SemanText is a linguistic tool for the Indonesian corpus developed using the Streamlit framework. It is designed to simplify the analysis of news articles sourced from popular Indonesian news publishers. Whether you're a linguist, researcher, or language enthusiast, SemanText offers a suite of features tailored to enhance your exploration and understanding of textual data.
-
URL Scraper: Effortlessly scrape articles by providing a list of URLs saved in a .txt file, each separated by a line break.
-
Multiple CSV Files: Seamlessly manage and handle multiple CSV files for efficient data organization.
-
Most Frequent Words: Quickly identify and analyze the most frequently occurring words in the corpus.
-
N-gram Extraction - Frequency: Uncover insights through the extraction and frequency analysis of N-grams.
-
Rule-Based Collocation Extraction - Frequency: Utilizing the Stanza library, leverage three distinct patterns of Part-of-Speech tags grounded in the Universal Dependencies model for Indonesian:
- NOUN + ADJ: Discover meaningful collocations where a noun is paired with an adjective.
- NOUN + NOUN: Uncover insights into frequent noun pairings.
- VERB + NOUN: Explore the dynamic interplay between verbs and nouns.
-
Key Word in Context/Concordance: Gain contextual understanding by exploring the occurrence of specific keywords within the corpus.
-
Export Data to CSV Format: Easily export analyzed data to CSV format for further in-depth analysis.
- Statistical Measures for Collocation Extraction: Calculate and display statistical measures, such as Pointwise Mutual Information (PMI), to identify and interpret collocations better, instead of plain frequency.

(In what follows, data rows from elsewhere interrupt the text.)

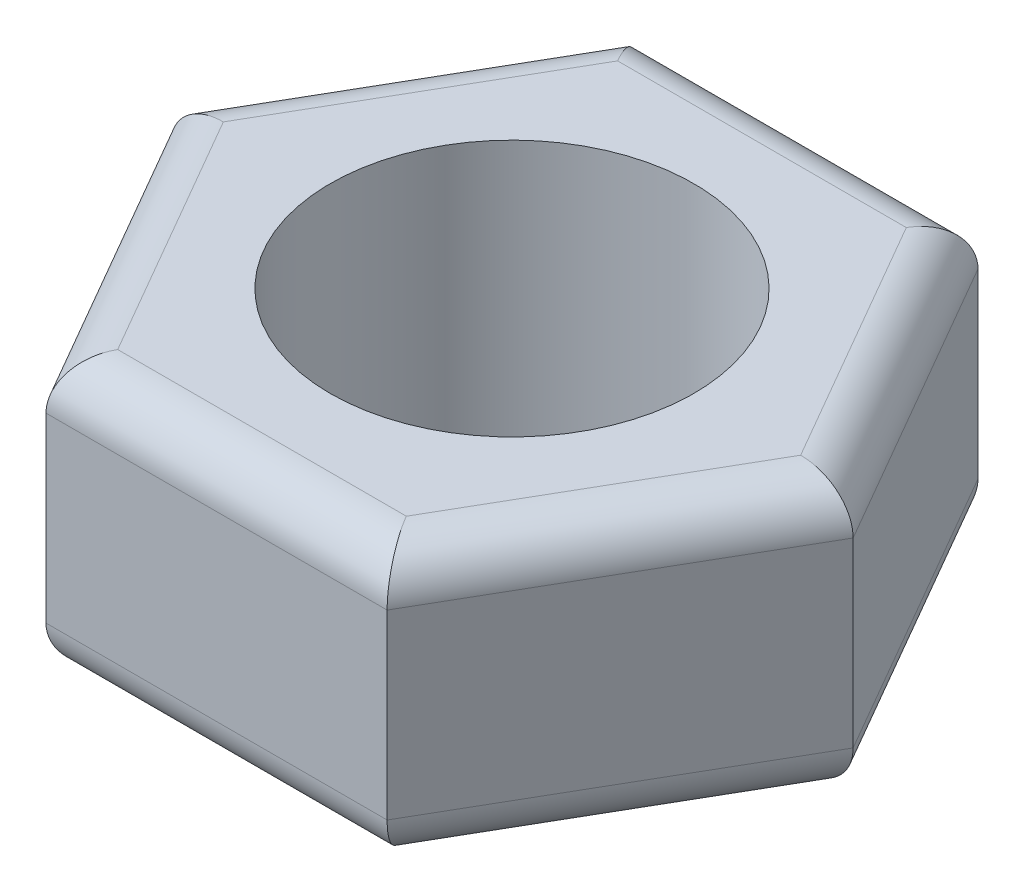
from build123d import *

# Parameters (mm, degrees)
SKETCH1_R           = 4
BOSS_EXTRUDE1_DEPTH = 6
FILLET1_R           = 1


with BuildPart() as part:
    # Sketch1 → Boss-Extrude1 (new body)
    with BuildSketch(Plane(origin=(0, 0, 0), x_dir=(1, 0, 0), z_dir=(0, 1, 0))):
        Polygon((7.505553499, 0), (3.75277675, 6.5), (-3.75277675, 6.5), (-7.505553499, 0), (-3.75277675, -6.5), (3.75277675, -6.5), align=None)
        Circle(SKETCH1_R, mode=Mode.SUBTRACT)
    extrude(amount=BOSS_EXTRUDE1_DEPTH)

    # Fillet1
    fillet1_edges = [part.edges().sort_by_distance(p)[0] for p in [
        (0, 6, -6.5),
        (-5.629165125, 6, -3.25),
        (-5.629165125, 6, 3.25),
        (0, 6, 6.5),
        (5.629165125, 6, 3.25),
        (0, 0, 6.5),
        (-5.629165125, 0, 3.25),
        (-5.629165125, 0, -3.25),
        (0, 0, -6.5),
        (5.629165125, 0, -3.25),
        (5.629165125, 0, 3.25),
        (5.629165125, 6, -3.25),
    ]]
    fillet(fillet1_edges, radius=FILLET1_R)


solid = part.part

- CONLL-U File Analysis: Read and parse CONLL-U file, which are a standard format for representing linguistic annotations.
- Keyword-Based Collocation Extraction: Extract collocations that include a certain keyword.
- Scraper - Google Search: Retrieve articles based on specific queries for Google Search.
- Machine Learning - Topic Modelling: Identify and group similar articles based on their content using unsupervised machine learning algorithms.
- Python 3.7 or Higher: Ensure your Python version is 3.7 or higher for compatibility.
- Clone the Repository: Copy the repository to your local machine.
- Install Dependencies: Run the command
pip install -r requirements.txt
to install the required dependencies.
Experience the tool firsthand by exploring the demo here.
This project is licensed under the terms of the MIT license. Feel free to contribute and enhance the capabilities of SemanText. Your feedback and contributions are highly appreciated!